_What needs to be done:_
Write out the entries below exactly, starting at the first line and stopping after the line that contains "Relay_THT:Relay_SPST_RAYEX-L90AS, symbol Relay:RAYEX-L90AS"; skip all pictures.

(Records from a data collection)
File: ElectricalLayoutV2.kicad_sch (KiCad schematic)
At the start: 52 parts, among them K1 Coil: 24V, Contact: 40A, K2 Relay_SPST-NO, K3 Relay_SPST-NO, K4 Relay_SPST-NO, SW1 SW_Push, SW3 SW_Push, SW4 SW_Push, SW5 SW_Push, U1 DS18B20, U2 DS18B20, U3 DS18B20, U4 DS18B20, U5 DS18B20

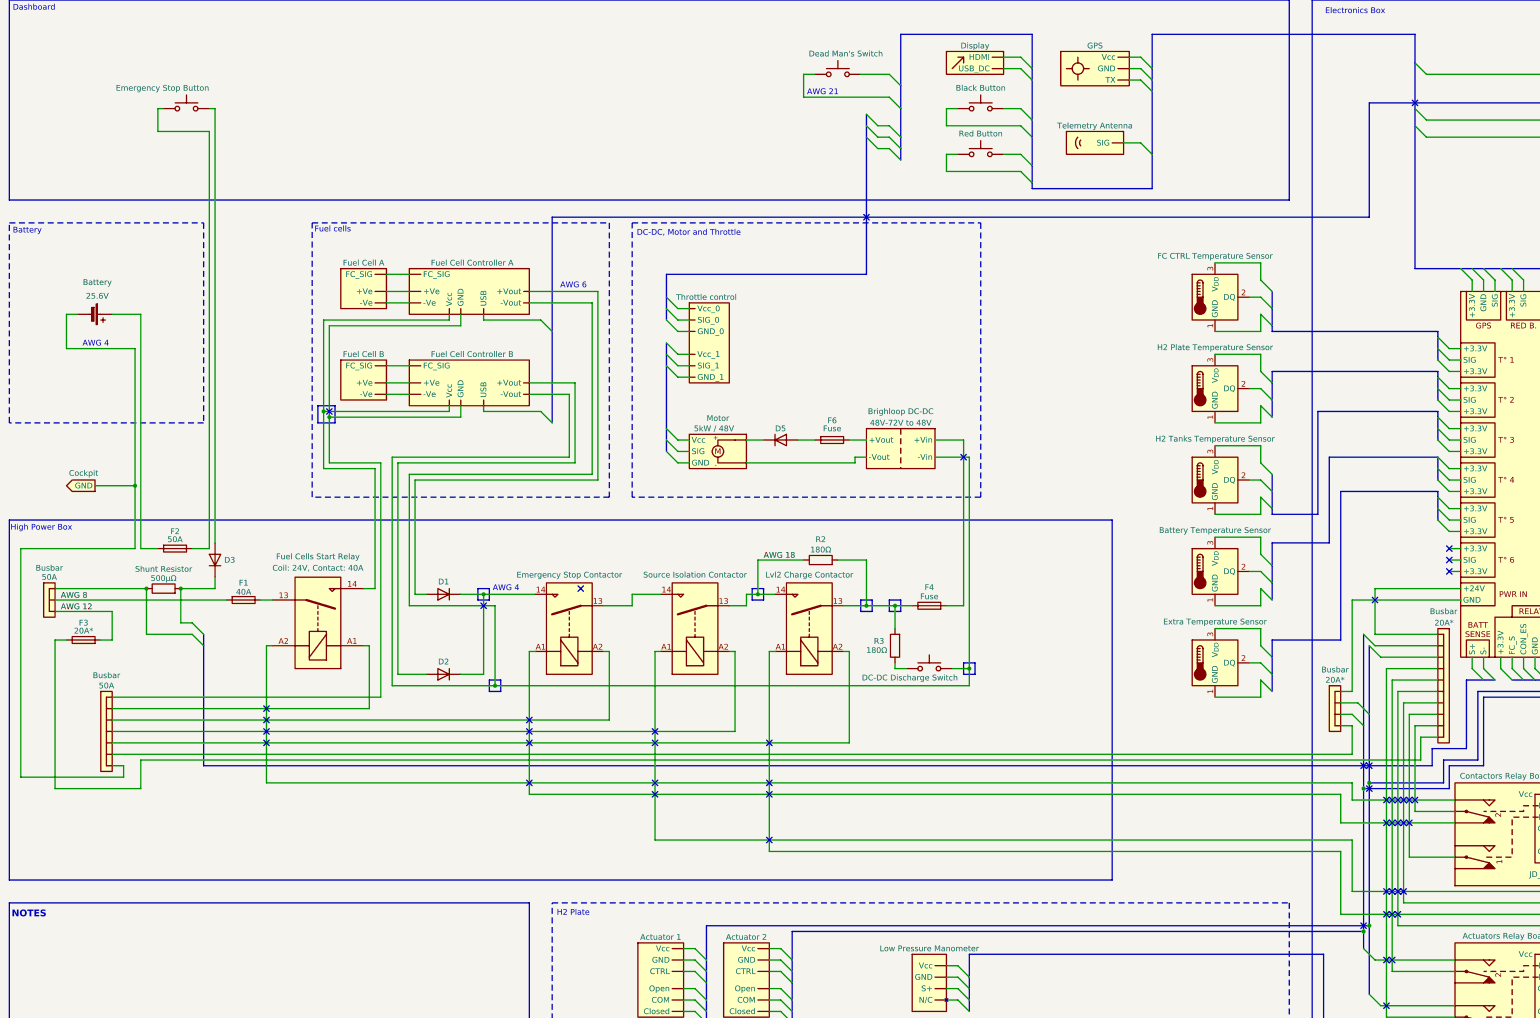
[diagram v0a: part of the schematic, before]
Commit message: Move high power box to separate sheet
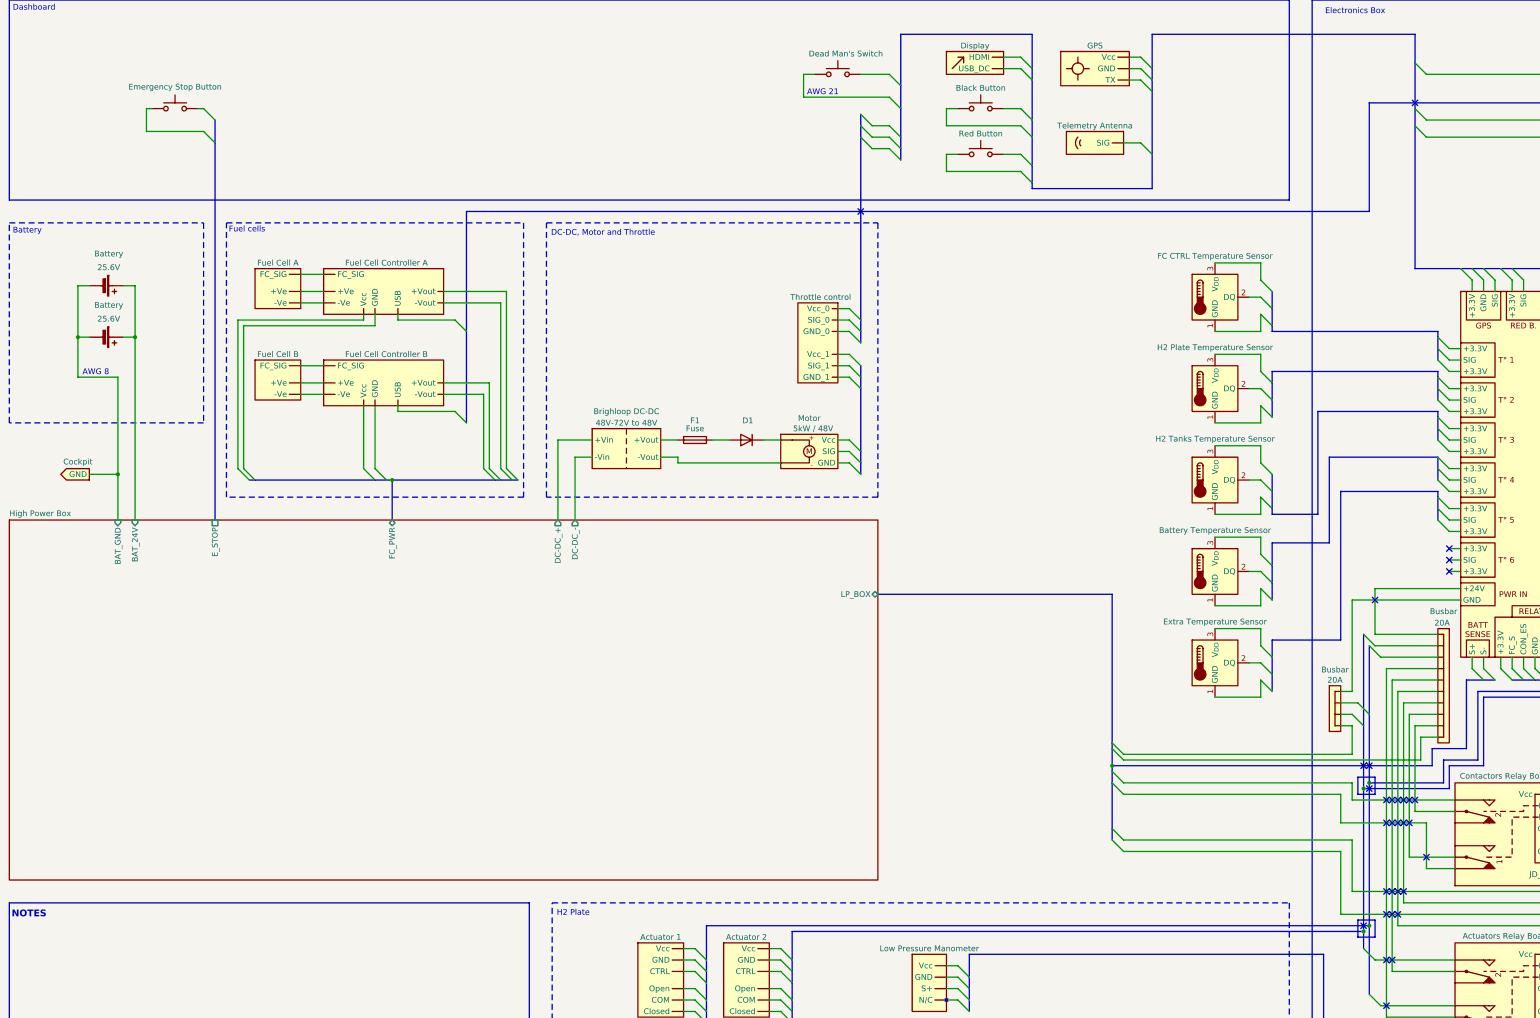
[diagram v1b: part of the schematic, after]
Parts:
- removed BSB1: 50A, symbol Exocet_Electrical:Busbar_3
- removed BSB2: 50A, symbol Exocet_Electrical:Busbar_7
- removed D2, D3, D5: D, symbol Device:D
- removed F2: 50A, symbol Device:Fuse
- removed F3: 20A*, symbol Device:Fuse
- removed F4, F6: Fuse, symbol Device:Fuse
- removed K1: Coil: 24V, Contact: 40A, Relay_THT:Relay_SPST_RAYEX-L90AS, symbol Relay:RAYEX-L90AS
- removed K2, K3, K4: Relay_SPST-NO, symbol Relay:Relay_SPST-NO
- removed R1: 500µΩ, symbol Device:R
- removed R2, R3: 180Ω, symbol Device:R
- removed SW3: SW_Push, symbol Switch:SW_Push
- added B1: 25.6V, symbol Device:Battery_Cell
- BSB3, BSB4: value 20A* -> 20A
- F1: value 40A -> Fuse
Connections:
- net High Power Box/BAT_24V: now reaches B2.1 (+)
- net High Power Box/BAT_24V: now also B1.1 (+)
- net at RELB3. (Vcc): now also BSB4.
- net at BSB4.: no longer RELB3. (Vcc)
- net at FCC2. (Vcc): no longer FC3. (FC_SIG)
- net at F1.1: now also D1.2 (A)
- net at BSB3.: now also PCB1. (SIG)
- net at PCB1. (SIG): now also BSB4.; no longer BSB3.
- net at PROP1. (Vcc): now also D1.1 (K)
- net at RELB1. (Vcc): now also BSB4.
- net High Power Box/DC-DC_-: now reaches DCC1. (-Vout)
- net at RELB2. (Vcc): now also BSB4.
- net at FCC1. (Vcc): now also FC4. (FC_SIG)
- net High Power Box/BAT_GND: now reaches B2.2 (-), CGND1. (GND)
- net High Power Box/BAT_GND: now also B1.2 (-)
- net at RPI1. (USBv3_1): now also ARD1. (USB)
- net at ARD1. (USB): no longer RPI1. (USBv3_1)
- net AWG 8: no longer names the net of F1.2
- net AWG 8: now also DCC1. (-Vout)
- new net: BSB4., RELB3. (Vcc)
- new net: FC3. (FC_SIG), FCC2. (Vcc) (x2)
- new net: BSB4., RELB1. (Vcc)
- new net: DCC1. (-Vout), PROP1. (Vcc)
- new net: FC4. (FC_SIG), FCC1. (Vcc) (x2)
- new net: PCB1. (SIG), RPI1. (USBv3_1)
- new net: BSB4., RELB2. (Vcc)
- new net High Power Box/DC-DC_+: DCC1. (-Vout)
- now unconnected: BSB4., BSB4., BSB4., BSB4., BSB4., BSB4., BSB4., FCC2. (Vcc), FCC2. (Vcc), FCC2. (Vcc), FCC2. (Vcc), FCC2. (Vcc)
- no-connect marks 53 -> 34
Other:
- added sheet High Power Box (high_power_box.kicad_sch)
- note added: "AWG 8"
- note removed: "AWG 4"
- note removed: "AWG 6"
- note removed: "High Power Box"

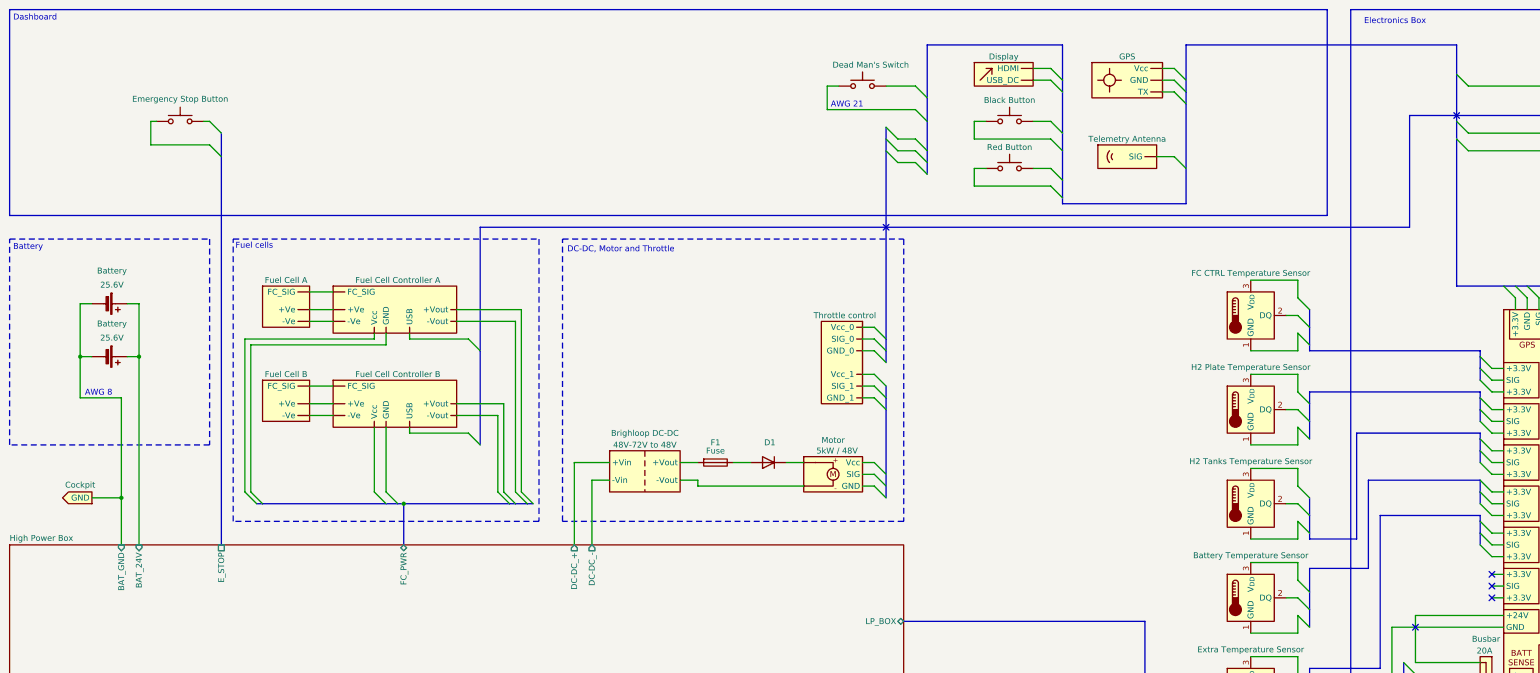
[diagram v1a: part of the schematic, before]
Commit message: Move Dashboard to its own page
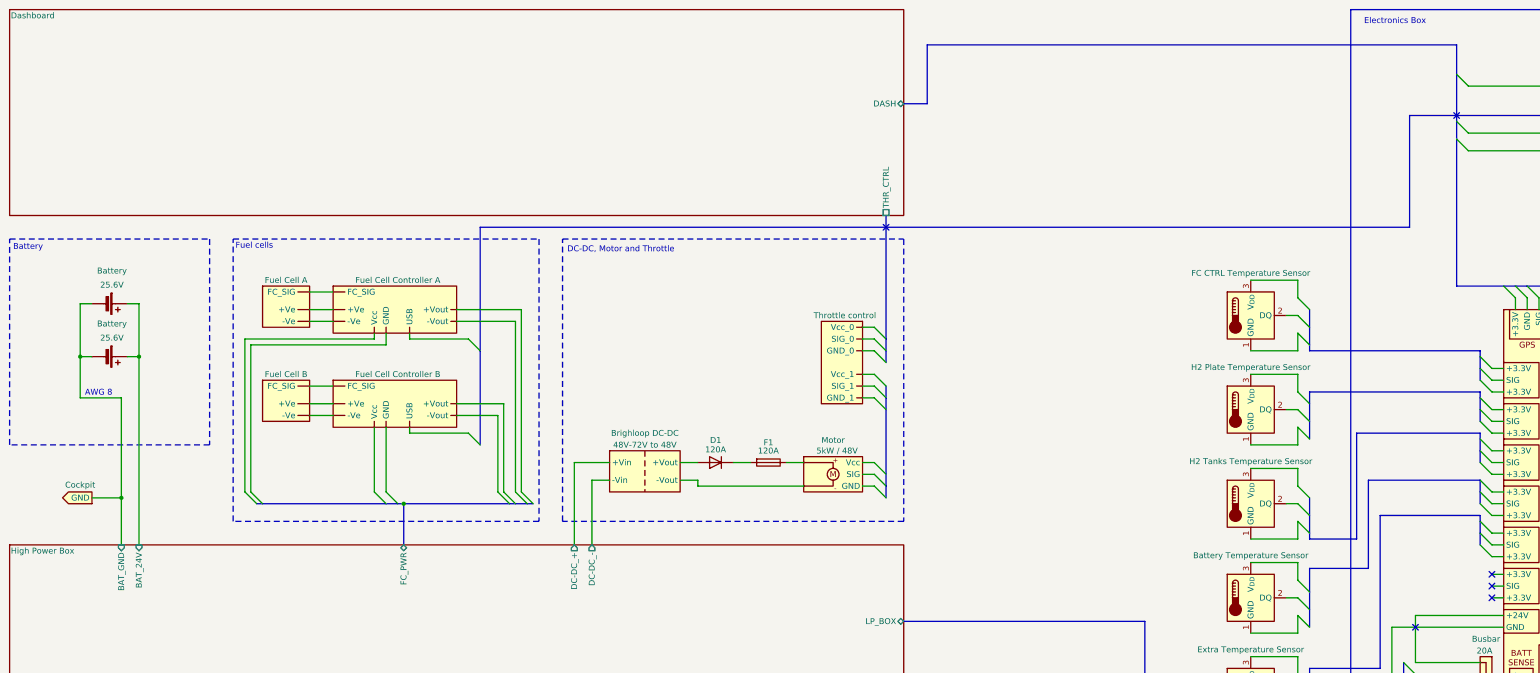
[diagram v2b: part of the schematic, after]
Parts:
- removed ANT1: ~, symbol Exocet_Electrical:Antenna
- removed DSP1: ~, symbol Exocet_Electrical:Display
- removed GPS1: ~, symbol Exocet_Electrical:GPS
- removed SW1, SW4, SW5: SW_Push, symbol Switch:SW_Push
- removed SW2: ~, symbol Switch:SW_Push
- D1: value D -> 120A
- F1: value Fuse -> 120A
- renumbered BSB3 to BSB1, BSB4 to BSB2, FC3 to FC1, FC4 to FC2, FCC2 to FCC1, FCC1 to FCC2, MAN2 to MAN1, MAN1 to MAN2, RELB3 to RELB1, RELB1 to RELB2, RELB2 to RELB3
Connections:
- net at RELB1. (Vcc): now also BSB2.
- net at BSB2.: no longer RELB1. (Vcc)
- net at FCC1. (Vcc): no longer FC1. (FC_SIG)
- net at BSB1.: now also PCB1. (SIG)
- net at PCB1. (SIG): now also BSB2.; no longer BSB1.
- net at RELB2. (Vcc): now also BSB2.
- net at F1.1: now also PROP1. (Vcc); no longer D1.2 (A)
- net at F1.2: now also D1.1 (K); no longer DCC1. (-Vout)
- net at PROP1. (Vcc): now also DCC1. (-Vout)
- net at FCC2. (Vcc): now also FC2. (FC_SIG)
- net at RPI1. (USBv3_1): now also ARD1. (USB)
- net at ARD1. (USB): no longer RPI1. (USBv3_1)
- net at RELB3. (Vcc): now also BSB2.
- new net: BSB2., RELB1. (Vcc)
- new net: FC1. (FC_SIG), FCC1. (Vcc) (x2)
- new net: D1.2 (A), DCC1. (-Vout)
- new net: BSB2., RELB2. (Vcc)
- new net: FC2. (FC_SIG), FCC2. (Vcc) (x2)
- new net: PCB1. (SIG), RPI1. (USBv3_1)
- new net: BSB2., RELB3. (Vcc)
- now unconnected: BSB2., BSB2., BSB2., BSB2., BSB2., BSB2., FCC1. (Vcc)
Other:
- added sheet Dashboard (dashboard.kicad_sch)
- sheet High Power Box ports: added none; removed E_STOP
- note removed: "AWG 21"
- note removed: "Dashboard"

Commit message: Start low power box sheet
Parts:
- removed ARD1: ~, symbol Exocet_Electrical:Arduino
- removed BSB1: 20A, symbol Exocet_Electrical:Busbar_4
- removed BSB2: 20A, symbol Exocet_Electrical:Busbar_10
- removed D1: 120A, symbol Device:D
- removed PCB1: ~, symbol Exocet_Electrical:PCB
- removed RELB1, RELB2, RELB3: ~, symbol Exocet_Electrical:Relay_Board
- removed RPI1: ~, symbol Exocet_Electrical:Raspberry_Pi
- added BRC1: ~, symbol Exocet_Electrical:Brake_Chopper
- B1: Name Battery -> Battery 1
- B2: Name Battery -> Battery 2
- DCC1: Name Brighloop DC-DC -> BrightLoop DC-DC
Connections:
- net at F1.2: now also BRC1.
- net at FCC1. (Vcc): no longer FC1. (FC_SIG)
- net at PROP1. (Vcc): now also DCC1. (-Vout)
- net at FCC2. (Vcc): now also FC2. (FC_SIG)
- new net: FC1. (FC_SIG), FCC1. (Vcc) (x2)
- new net: BRC1., DCC1. (-Vout)
- new net: FC2. (FC_SIG), FCC2. (Vcc) (x2)
- now unconnected: FCC1. (Vcc)
- no-connect marks 34 -> 0
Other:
- added sheet Low Power Box (low_power_box.kicad_sch)
- sheet Dashboard ports: added none; removed THR_CTRL
- note removed: "Electronics Box"
- moved on the sheet: F1

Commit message: Complete Low Power Box
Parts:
- removed U5: DS18B20, Package_TO_SOT_THT:TO-92_Inline, symbol Sensor_Temperature:DS18B20
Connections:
- net at FCC1. (Vcc): no longer FC1. (FC_SIG)
- net at PROP1. (Vcc): now also DCC1. (-Vout)
- net at FCC2. (Vcc): now also FC2. (FC_SIG)
- new net: FC1. (FC_SIG), FCC1. (Vcc) (x2)
- new net: FC2. (FC_SIG), FCC2. (Vcc) (x2)
- now unconnected: FCC1. (Vcc)
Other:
- sheet Low Power Box ports: added none; removed TEMP_4, TEMP_5

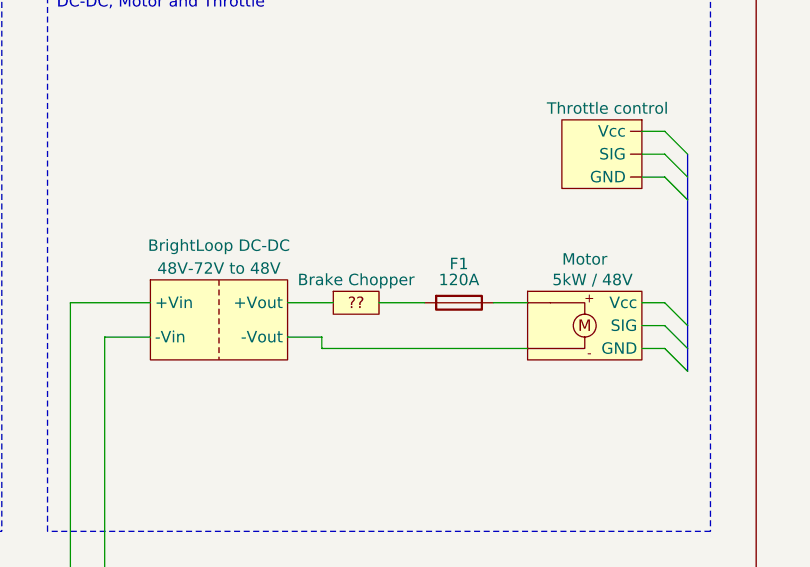
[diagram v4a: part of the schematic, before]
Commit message: Remove Brake Chopper
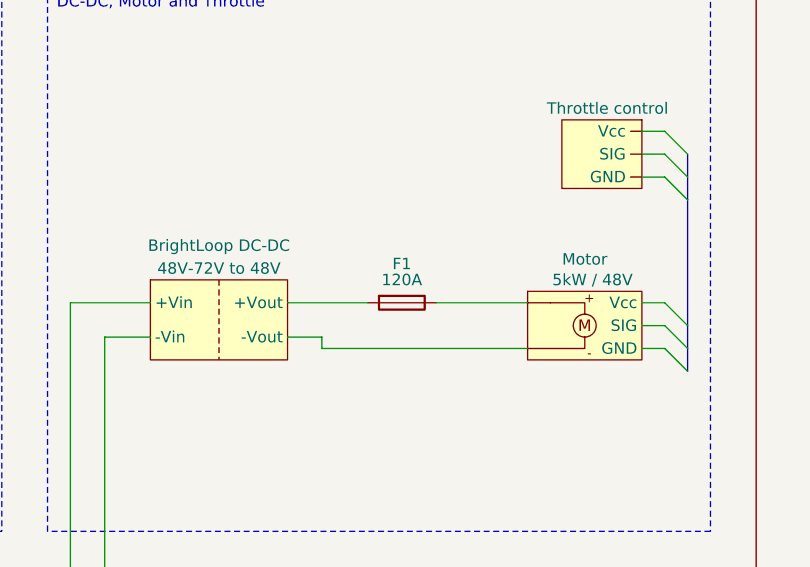
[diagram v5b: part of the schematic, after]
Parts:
- removed BRC1: ~, symbol Exocet_Electrical:Brake_Chopper
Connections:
- net at F1.2: now also DCC1. (-Vout)
- net at FCC1. (Vcc): no longer FC1. (FC_SIG)
- net at PROP1. (Vcc): now also DCC1. (-Vout)
- net at FCC2. (Vcc): now also FC2. (FC_SIG)
- new net: FC1. (FC_SIG), FCC1. (Vcc) (x2)
- new net: FC2. (FC_SIG), FCC2. (Vcc) (x2)
- now unconnected: FCC1. (Vcc)
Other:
- moved on the sheet: F1

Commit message: Finalize layout
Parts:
- added D1: D, symbol Device:D
- added R4: 4.8kΩ, symbol Device:R
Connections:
- net at F1.2: now also D1.1 (K), R4.1; no longer DCC1. (-Vout)
- net at FCC1. (Vcc): no longer FC1. (FC_SIG)
- net at PROP1. (Vcc): now also DCC1. (-Vout), R4.2
- net at FCC2. (Vcc): now also FC2. (FC_SIG)
- new net: FC1. (FC_SIG), FCC1. (Vcc) (x2)
- new net: FC2. (FC_SIG), FCC2. (Vcc) (x2)
- new net: D1.2 (A), DCC1. (-Vout)
- now unconnected: FCC1. (Vcc)
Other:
- moved on the sheet: F1

_Exercise result:_
File: ElectricalLayoutV2.kicad_sch (KiCad schematic)
At the start: 52 parts, among them K1 Coil: 24V, Contact: 40A, K2 Relay_SPST-NO, K3 Relay_SPST-NO, K4 Relay_SPST-NO, SW1 SW_Push, SW3 SW_Push, SW4 SW_Push, SW5 SW_Push, U1 DS18B20, U2 DS18B20, U3 DS18B20, U4 DS18B20, U5 DS18B20

[diagram v0a: part of the schematic, before]
Commit message: Move high power box to separate sheet
[diagram v1b: part of the schematic, after]
Parts:
- removed BSB1: 50A, symbol Exocet_Electrical:Busbar_3
- removed BSB2: 50A, symbol Exocet_Electrical:Busbar_7
- removed D2, D3, D5: D, symbol Device:D
- removed F2: 50A, symbol Device:Fuse
- removed F3: 20A*, symbol Device:Fuse
- removed F4, F6: Fuse, symbol Device:Fuse
- removed K1: Coil: 24V, Contact: 40A, Relay_THT:Relay_SPST_RAYEX-L90AS, symbol Relay:RAYEX-L90AS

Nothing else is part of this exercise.